**Description of the task**
Reproduce, exactly, the lines of the material below from the line containing "PURPOSE AND NONINFRINGEMENT." through the line containing "Goto Tag Visibility2", with both end lines included and nothing else.

*** Input data ***

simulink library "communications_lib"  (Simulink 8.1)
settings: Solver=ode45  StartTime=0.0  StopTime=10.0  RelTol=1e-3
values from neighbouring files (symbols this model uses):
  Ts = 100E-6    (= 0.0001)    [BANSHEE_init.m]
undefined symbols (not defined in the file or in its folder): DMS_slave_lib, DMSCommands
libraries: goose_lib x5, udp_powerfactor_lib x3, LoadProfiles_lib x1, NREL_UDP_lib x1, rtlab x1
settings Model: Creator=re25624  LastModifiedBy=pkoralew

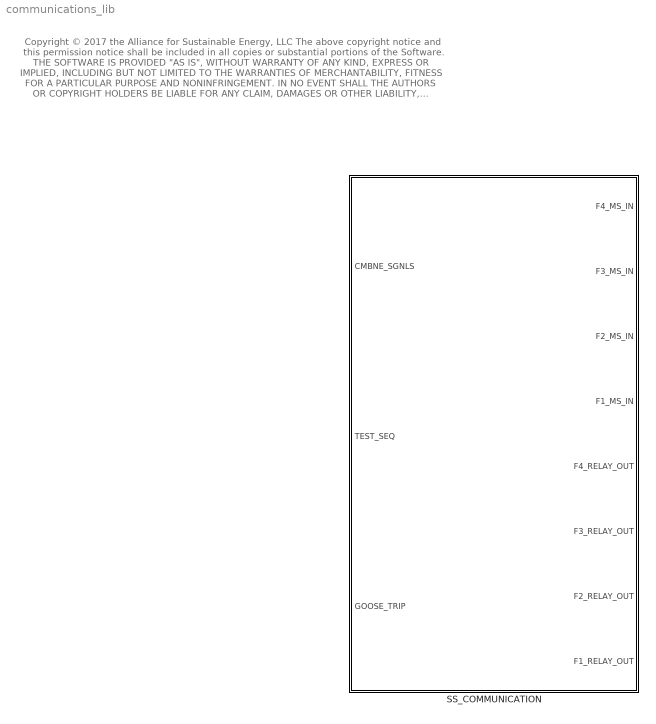
== system communications_lib ==
  note: Copyright © 2017 the Alliance for Sustainable Energy, LLC
      |
      | The above copyright notice and this permission notice shall be included in all copies or substantial portions of the Software.
      |
      | THE SOFTWARE IS PROVIDED "AS IS", WITHOUT WARRANTY OF ANY KIND, EXPRESS OR IMPLIED, INCLUDING
      | BUT NOT LIMITED TO THE WARRANTIES OF MERCHANTABILITY, FITNESS FOR A PARTICULAR PURPOSE AND
      | NONINFRINGEMENT. IN NO EVENT SHALL THE AUTHORS OR COPYRIGHT HOLDERS BE LIABLE FOR ANY CLAIM,
      |  DAMAGES OR OTHER LIABILITY, WHETHER IN AN ACTION OF CONTRACT, TORT OR OTHERWISE, ARISING FROM,
      | OUT OF OR IN CONNECTION WITH THE SOFTWARE OR THE USE OR OTHER DEALINGS IN THE SOFTWARE
  SS_COMMUNICATION : Subsystem

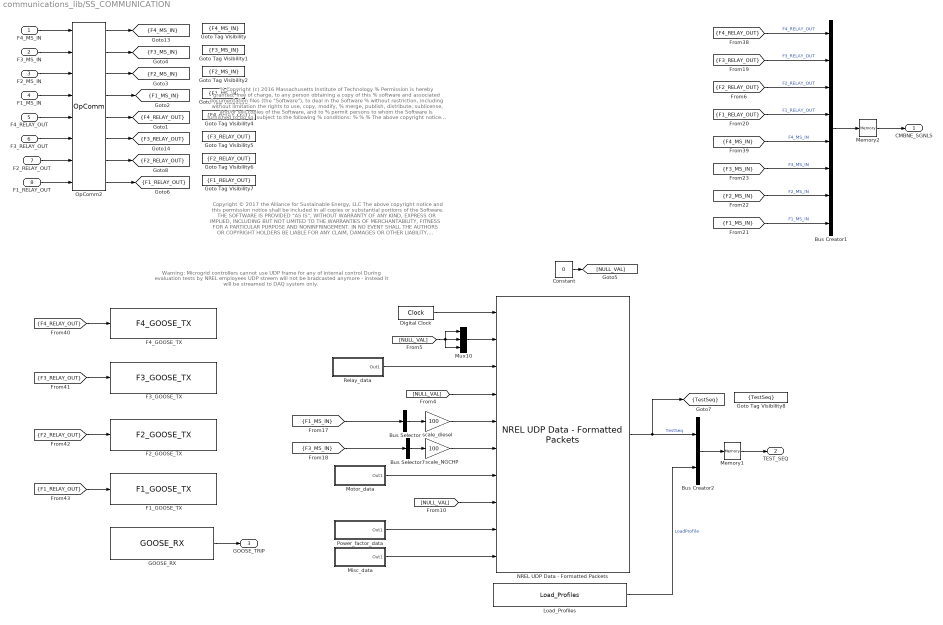
== system communications_lib/SS_COMMUNICATION ==
  note: Copyright © 2017 the Alliance for Sustainable Energy, LLC
      |
      | The above copyright notice and this permission notice shall be included in all copies or substantial portions of the Software.
      |
      | THE SOFTWARE IS PROVIDED "AS IS", WITHOUT WARRANTY OF ANY KIND, EXPRESS OR IMPLIED, INCLUDING
      | BUT NOT LIMITED TO THE WARRANTIES OF MERCHANTABILITY, FITNESS FOR A PARTICULAR PURPOSE AND
      | NONINFRINGEMENT. IN NO EVENT SHALL THE AUTHORS OR COPYRIGHT HOLDERS BE LIABLE FOR ANY CLAIM,
      |  DAMAGES OR OTHER LIABILITY, WHETHER IN AN ACTION OF CONTRACT, TORT OR OTHERWISE, ARISING FROM,
      | OUT OF OR IN CONNECTION WITH THE SOFTWARE OR THE USE OR OTHER DEALINGS IN THE SOFTWARE
  note: % Copyright (c) 2016 Massachusetts Institute of Technology
      | % Permission is hereby granted, free of charge, to any person obtaining a copy of this
      | % software and associated documentation files (the "Software"), to deal in the Software
      | % without restriction, including without limitation the rights to use, copy, modify,
      | % merge, publish, distribute, sublicense, and/or sell copies of the Software, and to
      | % permit persons to whom the Software is furnished to do so, subject to the following
      | % conditions:
      | %
      | %
      | % The above copyright notice and this permission notice shall be included in
      | % all copies or substantial portions of the Software.
      | %
      | % THE SOFTWARE IS PROVIDED "AS IS", WITHOUT WARRANTY OF ANY KIND, EXPRESS OR IMPLIED,
      | % INCLUDING BUT NOT LIMITED TO THE WARRANTIES OF MERCHANTABILITY, FITNESS FOR A
      | % PARTICULAR PURPOSE AND NONINFRINGEMENT. IN NO EVENT SHALL THE AUTHORS OR COPYRIGHT
      | % HOLDERS BE LIABLE FOR ANY CLAIM, DAMAGES OR OTHER LIABILITY, WHETHER IN AN ACTION
      | % OF CONTRACT, TORT OR OTHERWISE, ARISING FROM, OUT OF OR IN CONNECTION WITH THE
      | % SOFTWARE OR THE USE OR OTHER DEALINGS IN THE SOFTWARE.
      | %
      | %
      | %%
  note: Warning: Microgrid controllers cannot use UDP frame for any of internal control
      | During evaluation tests by NREL employees UDP streem will not be bradcasted anymore - instead it will
      | be streamed to DAQ system only.
  F4_MS_IN : Inport
  F3_MS_IN : Inport  Port=2
  F2_MS_IN : Inport  Port=3
  F1_MS_IN : Inport  Port=4
  F4_RELAY_OUT : Inport  Port=5
  F3_RELAY_OUT : Inport  Port=6
  F2_RELAY_OUT : Inport  Port=7
  F1_RELAY_OUT : Inport  Port=8
  Bus Creator1 : BusCreator  Inputs=8
  Bus Creator2 : BusCreator  Inputs=2
  Bus Selector : BusSelector  OutputSignals=DIESEL_DATA.gen.gal_per_hr,DIESEL_DATA.cb.relay_out.m.Vpu  OutputAsBus=on
  Bus Selector7 : BusSelector  OutputSignals=NG_CHP_DATA.cb.relay_out.m.Vpu,NG_CHP_DATA.CHPData.TempActual,NG_CHP_DATA.CHPData.Thermal data.Heat Recovered; MBtu/hr,NG_CHP_DATA.CHPData.Thermal data.Nm^3 per hour NG fuel usage,NG_CHP_DATA.CHPData.Thermal data.CO2 lbm/hr,NG_CHP_DATA.CHPData.HeatFromBoiler MBtu/hr,NG_CHP_DATA.CHPData.CHPHeatContribution MBtu/hr,NG_CHP_DATA.CHPData.Boiler_Nm^3/hr ,NG_CHP_DATA.CHPData.Boiler lbm/hr CO2  OutputAsBus=on
  Constant : Constant  Value=0
  Digital Clock : DigitalClock  SampleTime=Ts
  F1_GOOSE_TX : goose_lib/F1_GOOSE_TX
  F2_GOOSE_TX : goose_lib/F2_GOOSE_TX
  F3_GOOSE_TX : goose_lib/F3_GOOSE_TX
  F4_GOOSE_TX : goose_lib/F4_GOOSE_TX
  "GOOSE_RX " : goose_lib/GOOSE_RX 
  Goto Tag Visibility : GotoTagVisibility  GotoTag=F4_MS_IN
  Goto Tag Visibility1 : GotoTagVisibility  GotoTag=F3_MS_IN
  Goto Tag Visibility2 : GotoTagVisibility  GotoTag=F2_MS_IN
  Goto Tag Visibility3 : GotoTagVisibility  GotoTag=F1_MS_IN
  Goto Tag Visibility4 : GotoTagVisibility  GotoTag=F4_RELAY_OUT
  Goto Tag Visibility5 : GotoTagVisibility  GotoTag=F3_RELAY_OUT
  Goto Tag Visibility6 : GotoTagVisibility  GotoTag=F2_RELAY_OUT
  Goto Tag Visibility7 : GotoTagVisibility  GotoTag=F1_RELAY_OUT
  Goto Tag Visibility8 : GotoTagVisibility  GotoTag=TestSeq
  Load_Profiles : LoadProfiles_lib/Load_Profiles
  Memory1 : Memory
  Memory2 : Memory
  Misc_data : Subsystem
  Motor_data : Subsystem
  Mux10 : Mux  Inputs=3
  NREL UDP Data - Formatted Packets : NREL_UDP_lib/NREL UDP Data - Formatted Packets  ProfileID=2  NumOfWaveforms=[3, 1, 1]  NumOfRelays=[59, [1, 1, 1000, 100]]  NumOfBatteries=0  NumOfDieselGensets=[1, [100, 100]]  NumOfNGCHPGensets=[1, [100, 100, 100, 100, 100, 100, 100, 100, 100]]  NumOfMotors=2  NumOfPVs=0  NumOfPF=[3, 1000]  NumOfMiscellaneousDataScales=2  NumOfMiscellaneousDataSignalsScales=[[50, 1], [8, 1]]
  OpComm2 : rtlab/OpComm  nbport=8  groupe_acq=1  subsys_rate=0  st=0  Synchronization=on  Interpolation=on  Threshold=1.0  Missed_Data=off  Sim_Time=off  Samples=off  dynSigOut=off  from_console=0  warning_done=off  writeOpCommFile=off  Offset=off
  Power_factor_data : Subsystem
  Relay_data : Subsystem
  scale_NGCHP : Gain  Gain=100
  scale_diesel : Gain  Gain=100
  CMBNE_SGNLS : Outport
  TEST_SEQ : Outport  Port=2
  GOOSE_TRIP : Outport  Port=3
  tag scope: F1_MS_IN=scoped, F1_RELAY_OUT=scoped, F2_MS_IN=scoped, F2_RELAY_OUT=scoped, F3_MS_IN=scoped, F3_RELAY_OUT=scoped, F4_MS_IN=scoped, F4_RELAY_OUT=scoped, TestSeq=scoped
  wires:
  Bus Creator2/1 -> Memory1/1
  NREL UDP Data - Formatted Packets/1 -> Bus Creator2/1, [TestSeq]  "TestSeq"
  Motor_data/1(Out1) -> NREL UDP Data - Formatted Packets/7
  Misc_data/1(Out1) -> NREL UDP Data - Formatted Packets/10
  Relay_data/1(Out1) -> NREL UDP Data - Formatted Packets/3
  "GOOSE_RX "/1 -> GOOSE_TRIP/1
  [F1_RELAY_OUT] -> F1_GOOSE_TX/1
  [F2_RELAY_OUT] -> F2_GOOSE_TX/1
  [F3_RELAY_OUT] -> F3_GOOSE_TX/1
  [F4_RELAY_OUT] -> F4_GOOSE_TX/1
  [F4_MS_IN] -> Bus Creator1/5  "F4_MS_IN"
  [F4_RELAY_OUT] -> Bus Creator1/1  "F4_RELAY_OUT"
  OpComm2/8 -> [F1_RELAY_OUT]
  OpComm2/7 -> [F2_RELAY_OUT]
  OpComm2/6 -> [F3_RELAY_OUT]
  OpComm2/5 -> [F4_RELAY_OUT]
  OpComm2/4 -> [F1_MS_IN]
  OpComm2/3 -> [F2_MS_IN]
  OpComm2/2 -> [F3_MS_IN]
  OpComm2/1 -> [F4_MS_IN]
  F3_RELAY_OUT/1 -> OpComm2/6
  F4_RELAY_OUT/1 -> OpComm2/5
  F4_MS_IN/1 -> OpComm2/1
  Digital Clock/1 -> NREL UDP Data - Formatted Packets/1
  [F2_MS_IN] -> Bus Creator1/7  "F2_MS_IN"
  [F3_MS_IN] -> Bus Creator1/6  "F3_MS_IN"
  [F3_RELAY_OUT] -> Bus Creator1/2  "F3_RELAY_OUT"
  [F1_RELAY_OUT] -> Bus Creator1/4  "F1_RELAY_OUT"
  [F2_RELAY_OUT] -> Bus Creator1/3  "F2_RELAY_OUT"
  [F1_MS_IN] -> Bus Creator1/8  "F1_MS_IN"
  Bus Creator1/1 -> Memory2/1
  Memory2/1 -> CMBNE_SGNLS/1
  scale_NGCHP/1 -> NREL UDP Data - Formatted Packets/6
  Bus Selector7/1 -> scale_NGCHP/1
  scale_diesel/1 -> NREL UDP Data - Formatted Packets/5
  [F3_MS_IN] -> Bus Selector7/1
  Bus Selector/1 -> scale_diesel/1
  [F1_MS_IN] -> Bus Selector/1
  Power_factor_data/1(Out1) -> NREL UDP Data - Formatted Packets/9
  [NULL_VAL] -> NREL UDP Data - Formatted Packets/8
  [NULL_VAL] -> NREL UDP Data - Formatted Packets/4
  Constant/1 -> [NULL_VAL]
  Mux10/1 -> NREL UDP Data - Formatted Packets/2
  [NULL_VAL] -> Mux10/2, Mux10/1, Mux10/3
  F1_MS_IN/1 -> OpComm2/4
  F2_MS_IN/1 -> OpComm2/3
  F1_RELAY_OUT/1 -> OpComm2/8
  F2_RELAY_OUT/1 -> OpComm2/7
  Memory1/1 -> TEST_SEQ/1
  F3_MS_IN/1 -> OpComm2/2
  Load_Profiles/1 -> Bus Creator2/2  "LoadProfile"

*** End of Input data ***

**Solution**
      | % PARTICULAR PURPOSE AND NONINFRINGEMENT. IN NO EVENT SHALL THE AUTHORS OR COPYRIGHT
      | % HOLDERS BE LIABLE FOR ANY CLAIM, DAMAGES OR OTHER LIABILITY, WHETHER IN AN ACTION
      | % OF CONTRACT, TORT OR OTHERWISE, ARISING FROM, OUT OF OR IN CONNECTION WITH THE
      | % SOFTWARE OR THE USE OR OTHER DEALINGS IN THE SOFTWARE.
      | %
      | %
      | %%
  note: Warning: Microgrid controllers cannot use UDP frame for any of internal control
      | During evaluation tests by NREL employees UDP streem will not be bradcasted anymore - instead it will
      | be streamed to DAQ system only.
  F4_MS_IN : Inport
  F3_MS_IN : Inport  Port=2
  F2_MS_IN : Inport  Port=3
  F1_MS_IN : Inport  Port=4
  F4_RELAY_OUT : Inport  Port=5
  F3_RELAY_OUT : Inport  Port=6
  F2_RELAY_OUT : Inport  Port=7
  F1_RELAY_OUT : Inport  Port=8
  Bus Creator1 : BusCreator  Inputs=8
  Bus Creator2 : BusCreator  Inputs=2
  Bus Selector : BusSelector  OutputSignals=DIESEL_DATA.gen.gal_per_hr,DIESEL_DATA.cb.relay_out.m.Vpu  OutputAsBus=on
  Bus Selector7 : BusSelector  OutputSignals=NG_CHP_DATA.cb.relay_out.m.Vpu,NG_CHP_DATA.CHPData.TempActual,NG_CHP_DATA.CHPData.Thermal data.Heat Recovered; MBtu/hr,NG_CHP_DATA.CHPData.Thermal data.Nm^3 per hour NG fuel usage,NG_CHP_DATA.CHPData.Thermal data.CO2 lbm/hr,NG_CHP_DATA.CHPData.HeatFromBoiler MBtu/hr,NG_CHP_DATA.CHPData.CHPHeatContribution MBtu/hr,NG_CHP_DATA.CHPData.Boiler_Nm^3/hr ,NG_CHP_DATA.CHPData.Boiler lbm/hr CO2  OutputAsBus=on
  Constant : Constant  Value=0
  Digital Clock : DigitalClock  SampleTime=Ts
  F1_GOOSE_TX : goose_lib/F1_GOOSE_TX
  F2_GOOSE_TX : goose_lib/F2_GOOSE_TX
  F3_GOOSE_TX : goose_lib/F3_GOOSE_TX
  F4_GOOSE_TX : goose_lib/F4_GOOSE_TX
  "GOOSE_RX " : goose_lib/GOOSE_RX 
  Goto Tag Visibility : GotoTagVisibility  GotoTag=F4_MS_IN
  Goto Tag Visibility1 : GotoTagVisibility  GotoTag=F3_MS_IN
  Goto Tag Visibility2 : GotoTagVisibility  GotoTag=F2_MS_IN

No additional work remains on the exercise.